= PK-4 =

The PK-4 or (Plasmakristall-4) laboratory is a joint Russian-European laboratory for the investigation of dusty/complex plasmas on board the International Space Station (ISS), with the principal investigators at the Institute of Materials Science at the German Aerospace Center (DLR) and the Russian Institute for High Energy Densities of the Russian Academy of Sciences. It is the third laboratory on board the ISS to study complex plasmas, after the PKE Nefedov and PK-3 Plus experiments. In contrast to the previous setups, the geometry was significantly changed and is more suited to study flowing complex plasmas.

==Technical description==

The heart of the PK-4 laboratory consists of a direct current (DC) discharge tube. A plasma is generated by applying an electric field between an anode and a cathode.
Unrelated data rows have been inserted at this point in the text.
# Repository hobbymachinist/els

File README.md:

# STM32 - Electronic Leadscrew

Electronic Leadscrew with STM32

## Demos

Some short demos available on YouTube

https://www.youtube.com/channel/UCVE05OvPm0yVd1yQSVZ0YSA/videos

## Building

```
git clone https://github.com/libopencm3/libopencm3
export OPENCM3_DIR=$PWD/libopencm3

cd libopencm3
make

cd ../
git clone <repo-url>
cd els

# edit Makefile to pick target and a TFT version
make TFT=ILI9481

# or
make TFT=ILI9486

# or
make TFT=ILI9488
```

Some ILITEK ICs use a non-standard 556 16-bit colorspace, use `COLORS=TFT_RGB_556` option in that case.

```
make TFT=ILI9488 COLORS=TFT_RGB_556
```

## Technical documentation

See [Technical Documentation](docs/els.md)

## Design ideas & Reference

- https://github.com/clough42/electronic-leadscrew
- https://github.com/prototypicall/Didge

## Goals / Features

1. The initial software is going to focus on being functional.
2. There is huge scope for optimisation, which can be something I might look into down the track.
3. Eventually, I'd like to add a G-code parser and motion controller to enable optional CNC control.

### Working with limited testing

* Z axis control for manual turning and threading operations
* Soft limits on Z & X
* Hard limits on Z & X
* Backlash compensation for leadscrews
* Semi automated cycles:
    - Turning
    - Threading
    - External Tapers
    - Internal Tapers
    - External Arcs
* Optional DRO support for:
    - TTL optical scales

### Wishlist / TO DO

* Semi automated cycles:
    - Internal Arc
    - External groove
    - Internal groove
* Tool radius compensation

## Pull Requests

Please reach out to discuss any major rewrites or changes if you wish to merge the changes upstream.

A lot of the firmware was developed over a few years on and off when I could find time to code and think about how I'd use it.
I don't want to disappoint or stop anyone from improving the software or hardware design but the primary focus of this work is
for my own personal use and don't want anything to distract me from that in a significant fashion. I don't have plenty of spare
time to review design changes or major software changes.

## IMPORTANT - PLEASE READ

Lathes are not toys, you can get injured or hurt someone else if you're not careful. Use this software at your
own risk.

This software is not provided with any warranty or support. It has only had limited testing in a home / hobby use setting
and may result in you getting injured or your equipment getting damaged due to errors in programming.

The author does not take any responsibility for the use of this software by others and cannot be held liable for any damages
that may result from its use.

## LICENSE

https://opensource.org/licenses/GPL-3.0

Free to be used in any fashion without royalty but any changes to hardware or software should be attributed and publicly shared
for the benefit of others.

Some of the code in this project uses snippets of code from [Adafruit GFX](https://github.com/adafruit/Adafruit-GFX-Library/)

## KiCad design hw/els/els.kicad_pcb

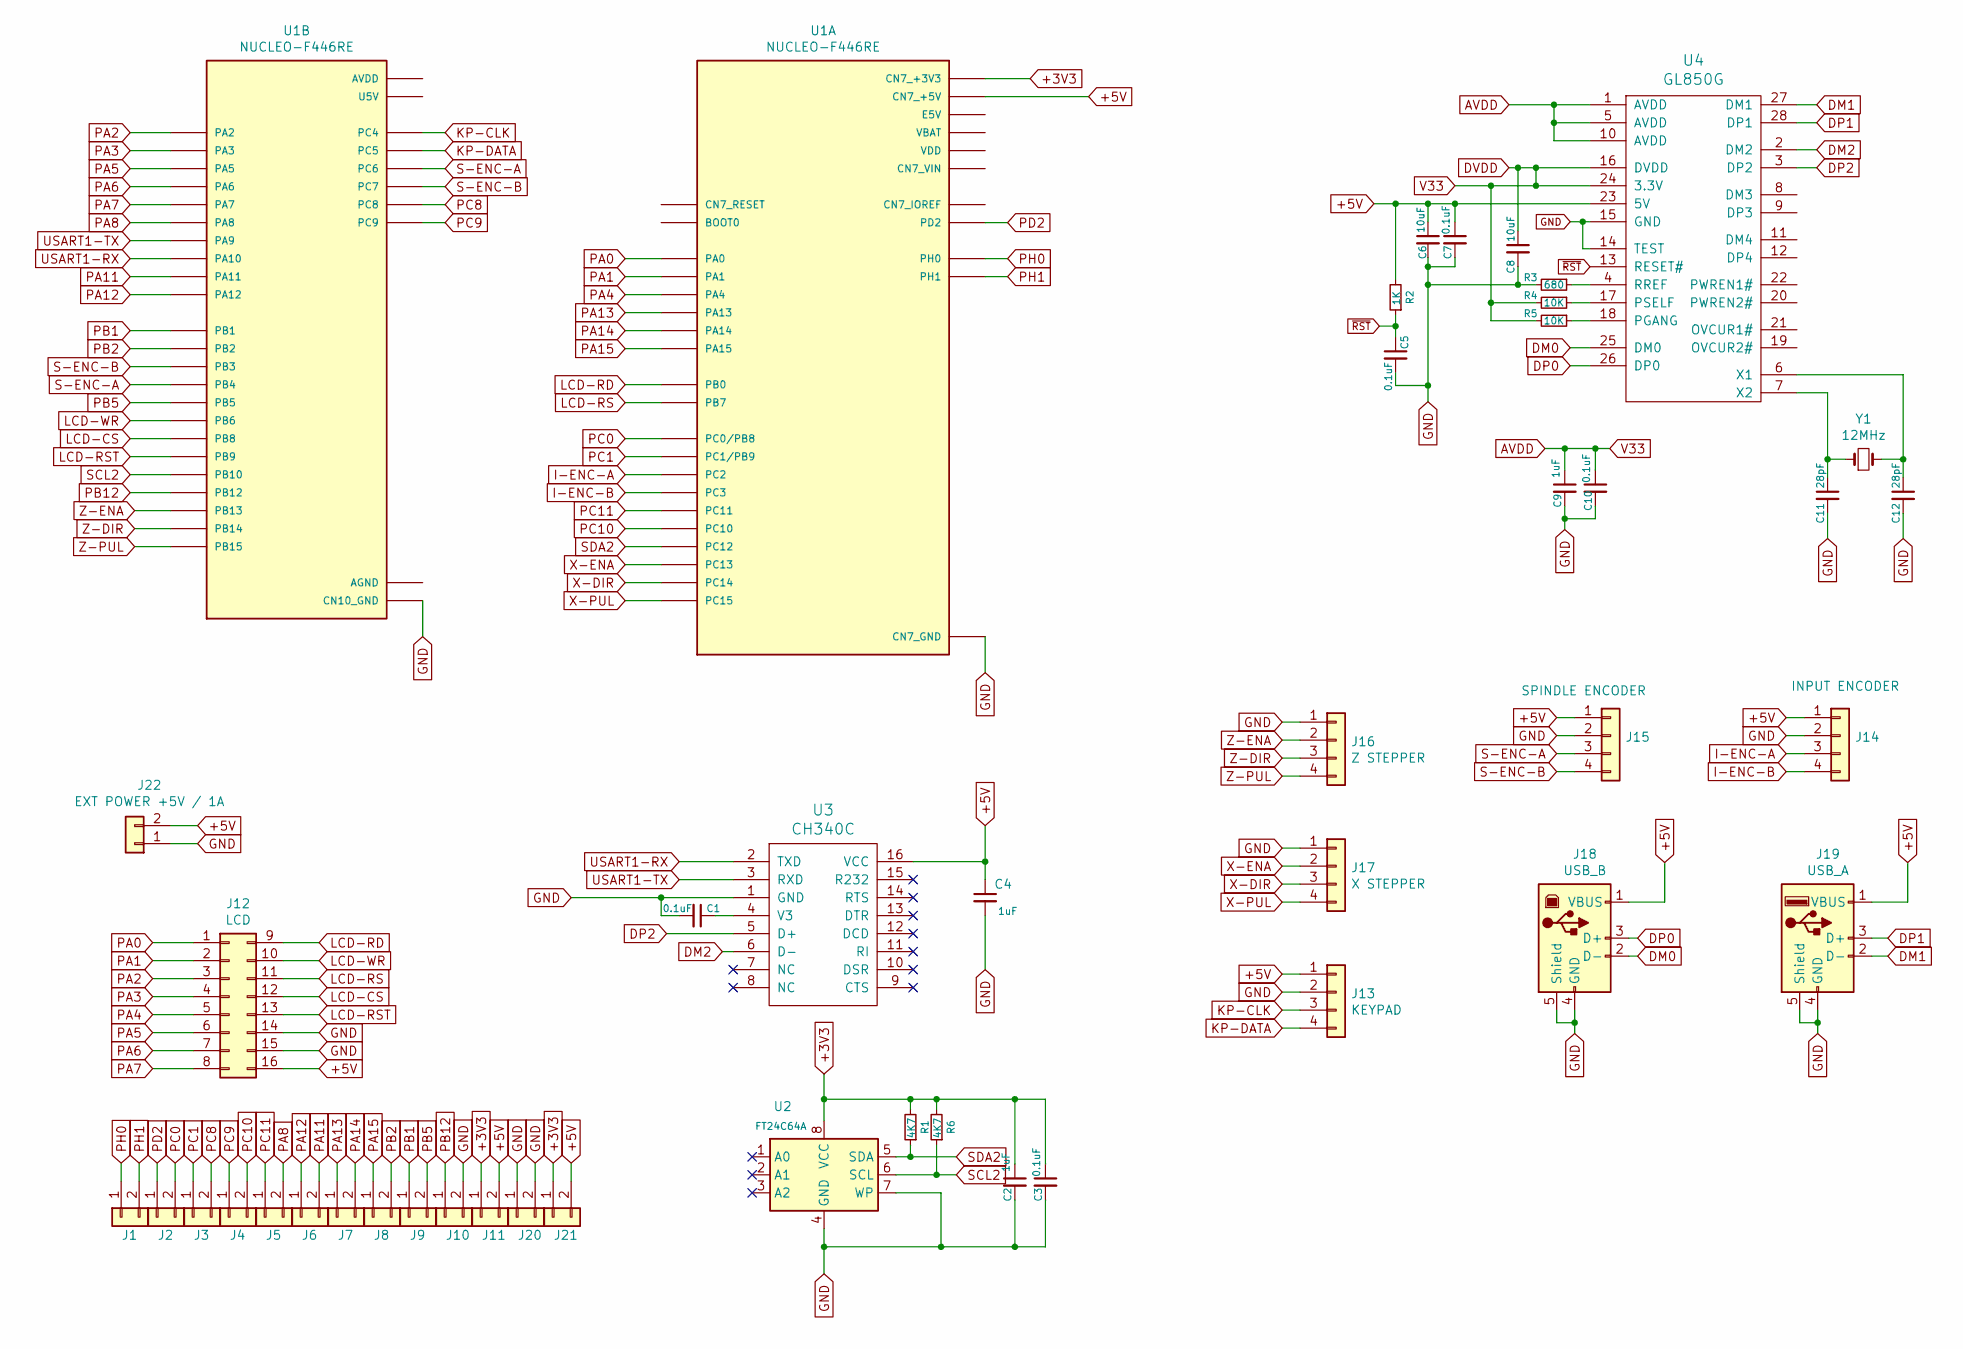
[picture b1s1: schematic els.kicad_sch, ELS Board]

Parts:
C1, C3, C5, C7, C10: 0.1uF; C_0805_2012Metric_Pad1.15x1.40mm_HandSolder
C2, C4, C9: 1uF; C_0805_2012Metric_Pad1.15x1.40mm_HandSolder
C6, C8: 10uF; C_0805_2012Metric_Pad1.15x1.40mm_HandSolder
C11, C12: 28pF; C_0805_2012Metric_Pad1.15x1.40mm_HandSolder
J1, J2, J3, J4, J5, J6, J7, J8, J9, J10, J11, J20, J21: Conn_01x02; TerminalBlock_bornier-2_P5.08mm
J12: LCD; IDC-Header_2x08_P2.54mm_Vertical
J13: KEYPAD; PinSocket_1x04_P2.54mm_Vertical
J14: INPUT ENCODER; PinSocket_1x04_P2.54mm_Vertical
J15: SPINDLE ENCODER; PinSocket_1x04_P2.54mm_Vertical
J16: Z STEPPER; PinSocket_1x04_P2.54mm_Vertical
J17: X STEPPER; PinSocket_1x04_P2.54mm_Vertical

Microparticles are then injected into the plasma and move through the tube into the working area where their motion is recorded with two cameras, the images of which are joined for analysis. The movement of the microparticles inside the fields of view of the cameras is followed by experimenters. The polarity of this electric field can be switched at a high frequency, so that the microparticles can be trapped in the working area.
A variety of manipulation techniques are available, for instance a manipulation laser that can produce shear flow, and a thermal manipulator which can trap microparticles with a thermal gradient. The optical observation of the microparticles is complemented by other diagnostics methods: a spectrometer and a glow camera that records the plasma glow in several spectral lines.

==Scientific goals==

As its predecessors, PK-4 Plus studies complex plasmas, which are low temperature plasmas that contain highly charged microparticles. The microparticles interact with each other and with the plasma and can be used to study a variety of topics, for instance waves, the influence of microparticles on the plasma, string formation, and shear flow.